This PR changes the users#show endpoint to use Diesel instead of
rust-postgres, (and adds a test for that endpoint). I chose that
endpoint as it seemed likely to touch as few things as possible, but
enough to require setting up Diesel connection pooling, and testing.

I have also ported over the migrations to use Diesel's migration
infrastructure. The migration files (except the final migration) were
generated programatically. Any non-reversible migrations were not dumped
as these contained procedural data updates which aren't relevant to
setting up a new database.

cargo run --bin migrate will move all the entries in the old
migrations table into the one used by Diesel. That function is brittle
since it relies on Diesel internals.

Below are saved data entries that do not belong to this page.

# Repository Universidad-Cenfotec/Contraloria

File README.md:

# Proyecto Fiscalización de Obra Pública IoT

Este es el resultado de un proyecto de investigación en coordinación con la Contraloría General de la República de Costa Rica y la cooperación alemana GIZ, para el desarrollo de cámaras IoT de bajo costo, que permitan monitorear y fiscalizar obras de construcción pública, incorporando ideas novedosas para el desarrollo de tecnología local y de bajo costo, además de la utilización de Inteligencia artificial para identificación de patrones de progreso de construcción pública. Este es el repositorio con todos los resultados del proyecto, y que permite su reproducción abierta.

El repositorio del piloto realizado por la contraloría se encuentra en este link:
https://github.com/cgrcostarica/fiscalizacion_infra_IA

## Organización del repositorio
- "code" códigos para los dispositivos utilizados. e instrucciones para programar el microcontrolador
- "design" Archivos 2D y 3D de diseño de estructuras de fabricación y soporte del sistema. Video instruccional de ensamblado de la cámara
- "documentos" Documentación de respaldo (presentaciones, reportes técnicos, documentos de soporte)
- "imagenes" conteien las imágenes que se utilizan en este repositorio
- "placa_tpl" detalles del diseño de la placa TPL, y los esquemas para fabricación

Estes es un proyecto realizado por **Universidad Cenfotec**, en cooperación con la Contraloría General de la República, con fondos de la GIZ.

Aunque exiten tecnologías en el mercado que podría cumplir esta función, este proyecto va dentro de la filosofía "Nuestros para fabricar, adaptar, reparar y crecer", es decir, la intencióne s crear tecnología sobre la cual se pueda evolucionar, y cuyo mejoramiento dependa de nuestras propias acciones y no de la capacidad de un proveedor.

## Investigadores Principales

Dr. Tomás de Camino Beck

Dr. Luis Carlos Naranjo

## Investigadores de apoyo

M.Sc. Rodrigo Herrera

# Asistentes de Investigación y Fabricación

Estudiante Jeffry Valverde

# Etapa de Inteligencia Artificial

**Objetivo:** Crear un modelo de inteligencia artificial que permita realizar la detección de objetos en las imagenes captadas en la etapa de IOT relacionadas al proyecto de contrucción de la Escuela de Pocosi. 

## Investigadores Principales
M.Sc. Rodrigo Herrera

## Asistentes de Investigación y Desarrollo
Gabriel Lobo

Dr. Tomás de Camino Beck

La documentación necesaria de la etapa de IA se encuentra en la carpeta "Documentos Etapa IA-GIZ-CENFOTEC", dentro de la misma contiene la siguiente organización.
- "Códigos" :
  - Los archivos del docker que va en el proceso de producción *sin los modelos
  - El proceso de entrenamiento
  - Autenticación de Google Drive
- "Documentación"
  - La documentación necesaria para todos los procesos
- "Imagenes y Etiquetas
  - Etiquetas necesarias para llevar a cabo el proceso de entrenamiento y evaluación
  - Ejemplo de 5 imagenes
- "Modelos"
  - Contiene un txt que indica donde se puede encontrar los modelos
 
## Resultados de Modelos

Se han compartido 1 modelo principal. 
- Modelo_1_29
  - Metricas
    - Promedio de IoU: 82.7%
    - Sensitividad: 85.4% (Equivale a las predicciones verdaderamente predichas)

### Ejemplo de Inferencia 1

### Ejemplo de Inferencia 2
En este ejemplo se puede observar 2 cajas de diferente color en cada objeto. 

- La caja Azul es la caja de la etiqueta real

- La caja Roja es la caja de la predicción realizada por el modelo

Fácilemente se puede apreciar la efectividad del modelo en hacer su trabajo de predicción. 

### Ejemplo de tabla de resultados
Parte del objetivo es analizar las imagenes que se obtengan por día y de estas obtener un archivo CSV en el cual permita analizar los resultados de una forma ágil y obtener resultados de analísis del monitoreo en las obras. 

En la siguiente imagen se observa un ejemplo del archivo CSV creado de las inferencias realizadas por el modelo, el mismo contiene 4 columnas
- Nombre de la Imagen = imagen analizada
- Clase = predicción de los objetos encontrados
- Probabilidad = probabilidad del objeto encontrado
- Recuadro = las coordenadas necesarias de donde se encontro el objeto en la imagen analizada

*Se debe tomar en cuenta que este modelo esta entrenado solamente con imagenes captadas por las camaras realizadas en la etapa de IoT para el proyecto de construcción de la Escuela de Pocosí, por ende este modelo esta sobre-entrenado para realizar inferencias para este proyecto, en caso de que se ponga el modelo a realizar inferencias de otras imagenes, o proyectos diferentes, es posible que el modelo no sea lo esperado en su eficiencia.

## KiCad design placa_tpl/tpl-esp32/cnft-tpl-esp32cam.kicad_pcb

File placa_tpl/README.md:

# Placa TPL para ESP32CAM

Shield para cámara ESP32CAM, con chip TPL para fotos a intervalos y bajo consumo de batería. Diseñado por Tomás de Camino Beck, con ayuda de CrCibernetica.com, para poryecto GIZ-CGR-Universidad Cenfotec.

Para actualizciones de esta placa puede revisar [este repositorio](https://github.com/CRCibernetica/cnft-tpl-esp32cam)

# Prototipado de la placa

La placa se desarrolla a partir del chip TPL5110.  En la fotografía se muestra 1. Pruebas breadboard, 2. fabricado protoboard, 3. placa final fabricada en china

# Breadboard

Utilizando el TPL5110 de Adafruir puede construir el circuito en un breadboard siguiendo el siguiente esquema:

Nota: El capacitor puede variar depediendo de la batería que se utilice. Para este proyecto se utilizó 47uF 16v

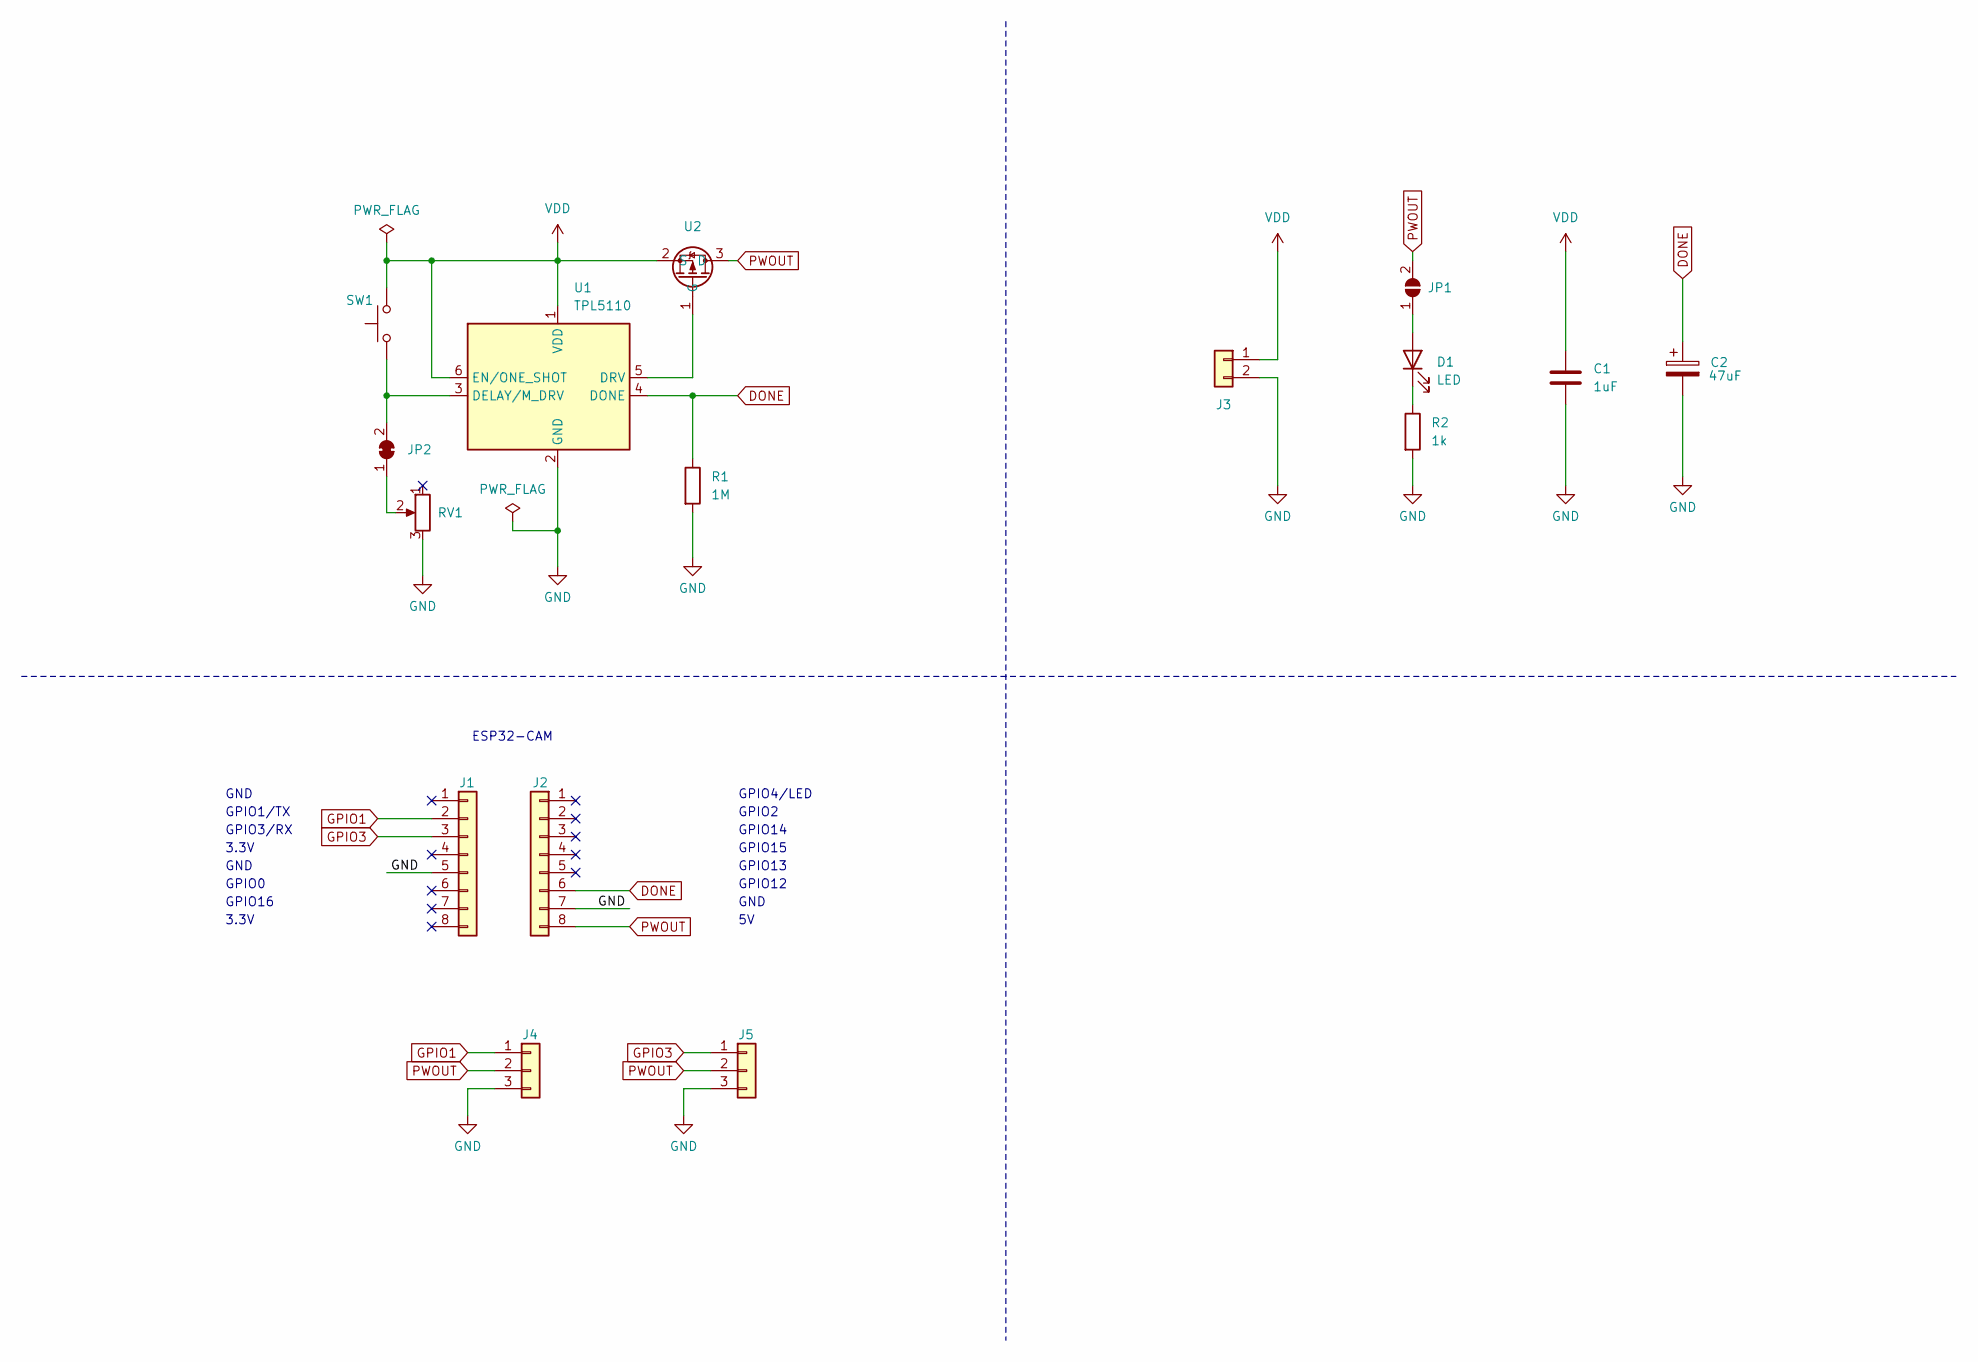
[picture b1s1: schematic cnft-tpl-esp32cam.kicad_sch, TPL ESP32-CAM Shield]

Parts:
C1: 1uF; C_0805_2012Metric
C2: 47uF; CP_Elec_5x5.4
D1: LED; LED_0603_1608Metric
J1, J2: Conn_01x08; PinSocket_1x08_P2.54mm_Vertical
J3: Conn_01x02; JST_PH_B2B-PH-SM4-TB_1x02-1MP_P2.00mm_Vertical
J4, J5: Conn_01x03; PinHeader_1x03_P2.54mm_Vertical
JP1: SolderJumper_2_Open; SolderJumper-2_P1.3mm_Open_RoundedPad1.0x1.5mm
JP2: SolderJumper_2_Bridged; SolderJumper-2_P1.3mm_Bridged_RoundedPad1.0x1.5mm
R1: 1M; R_0805_2012Metric
R2: 1k; R_0805_2012Metric
RV1: 200k; Potentiometer_Bourns_TC33X_Vertical
SW1: SW_Push; SKRKAEE020
U1: TPL5110; TSOT-23-6
U2: DMG3415; SOT-23

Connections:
DONE: C2.1, J2.6, R1.1, U1.4 (DONE)
GND: C1.2, C2.2, J1.5, J2.7, J3.2, J4.3, J5.3, R1.2, R2.2, RV1.3, U1.2 (GND)
GPIO1: J1.2, J4.1
GPIO3: J1.3, J5.1
unnamed: D1.2 (A), JP1.1 (A)
unnamed: D1.1 (K), R2.1
unnamed: JP2.1 (A), RV1.2
unnamed: JP2.2 (B), SW1.1, U1.3 (DELAY/M_DRV)
unnamed: U1.5 (DRV), U2.1 (G)
PWOUT: J2.8, J4.2, J5.2, JP1.2 (B), U2.3 (D)
VDD: C1.1, J3.1, SW1.2, U1.1 (VDD), U1.6 (EN/ONE_SHOT), U2.2 (S)

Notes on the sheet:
GND
GPIO13
GPIO12
GPIO0
GPIO4/LED
GPIO15
GPIO16
3.3V
GPIO2
ESP32-CAM
GPIO3/RX
GPIO14
GPIO1/TX

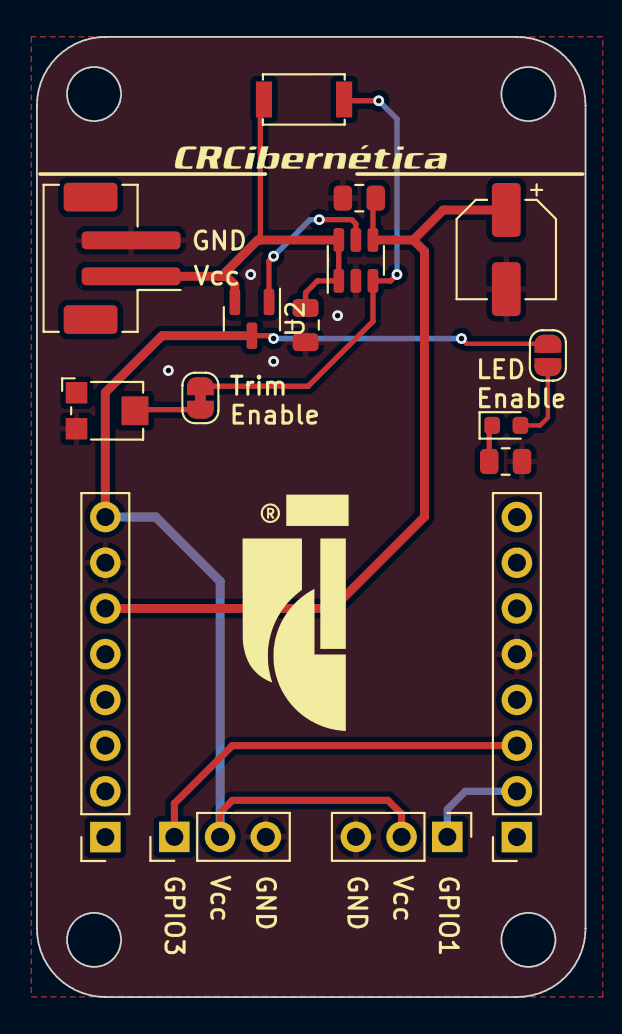
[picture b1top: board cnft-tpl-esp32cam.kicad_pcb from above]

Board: 2 copper layers, 30.5 x 53.3 mm, 16 parts (0 on the bottom side), 11 nets.

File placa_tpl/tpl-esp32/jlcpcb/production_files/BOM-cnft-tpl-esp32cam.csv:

Comment,Designator,Footprint,LCSC
SW_Push,SW1,SKRKAEE020,C115357
TPL5110,U1,TSOT-23-6,C125830
200k,RV1,Potentiometer_Bourns_TC33X_Vertical,C128551
Conn_01x02,J3,JST_PH_B2B-PH-SM4-TB_1x02-1MP_P2.00mm_Vertical,C160352
1k,R2,R_0805_2012Metric,C25623
1M,R1,R_0805_2012Metric,C26115
1uF,C1,C_0805_2012Metric,C28323
Conn_01x08,"J1,J2",PinSocket_1x08_P2.54mm_Vertical,C2897371
LED,D1,LED_0603_1608Metric,C434423
47uF,C2,CP_Elec_5x5.4,C4747957
Conn_01x03,"J4,J5",PinHeader_1x03_P2.54mm_Vertical,C492411
DMG3415,U2,SOT-23,C96616

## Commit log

2023-10-25 Captura y carga de fotos con ESP32-CAM
    Agrega el código necesario para capturar fotos automáticamente cada minuto utilizando una cámara ESP32-CAM y cargarlas de inmediato a Google Drive. Esto permitirá la monitorización y grabación periód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
2023-10-25 Script Google Drive
    Permite la configuración de Google Drive para recibir las fotos enviadas desde la ESP32-CAM.
2023-10-25 Explicación README.md
2023-10-31 esp32-cam deepsleep
2023-11-01 esp32-cam deep sleep
2024-04-08 Delete Design/Box_Camera_V1.stl
    Obsoleto
2024-04-08 Delete Design/Camera_Box_Full.stl
    Obsoleto
2024-04-08 Delete Design/Camera_Box2_3.stl
    Obsoleto
2024-04-08 Update README.md
    Actualización de archivos de impresión 3D, con versión final
2024-04-08 Update README.md
    Cambio de título
2024-04-10 Update README.md
    Descripción de código
2024-04-29 Add files via upload
    Presentaciones realizadas durante el proyecto
2024-04-29 Rename Avances 2 (1).pdf to Avances 2.pdf
2024-05-03 Create prueba de lnaranjo
2024-05-03 Update README.md
    Agregado de instrucciones de Arduino IDE
2024-05-03 Update README.md
    Instrucciones de creación de acceso a google drive
2024-05-07 Documentacion IA
2024-05-07 inferencia
2024-05-08 modelos
2024-05-08 actualizar nombre modelo
2024-05-09 Presentaciones

However, it really only matters for
existing contributors (and one deploy to Heroku), so when that function
breaks we can just delete it.

I've added an additional migration to make the schema compatible with
infer_schema!, which doesn't support tables that have no primary key.
I'm not using infer_schema! just yet, as it doesn't work with non-core
types and there are some tsvector columns.

I re-ordered the columns on the User struct, as diesel emits an
explicit select clause and then fetches columns by index rather than by
name. This means that the order has to match how it was defined to
Diesel (which in the case of infer_schema! will be the database
definition order). If we don't want this restriction, we can replace the
infer_schema! call with manual table! calls (which can be
automatically generated by diesel print-schema), and have the columns
ordered there to match the struct.

Differences to note

The rust-postgres connection is set to require TLS when the env var
HEROKU is set. In Diesel, this would be to add ?sslmode=require onto
the database URL. I'm unsure if heroku-postgres URLs already have this
or not, so I have not added any explicit code for that. It's a question
that should be answered before this is deployed.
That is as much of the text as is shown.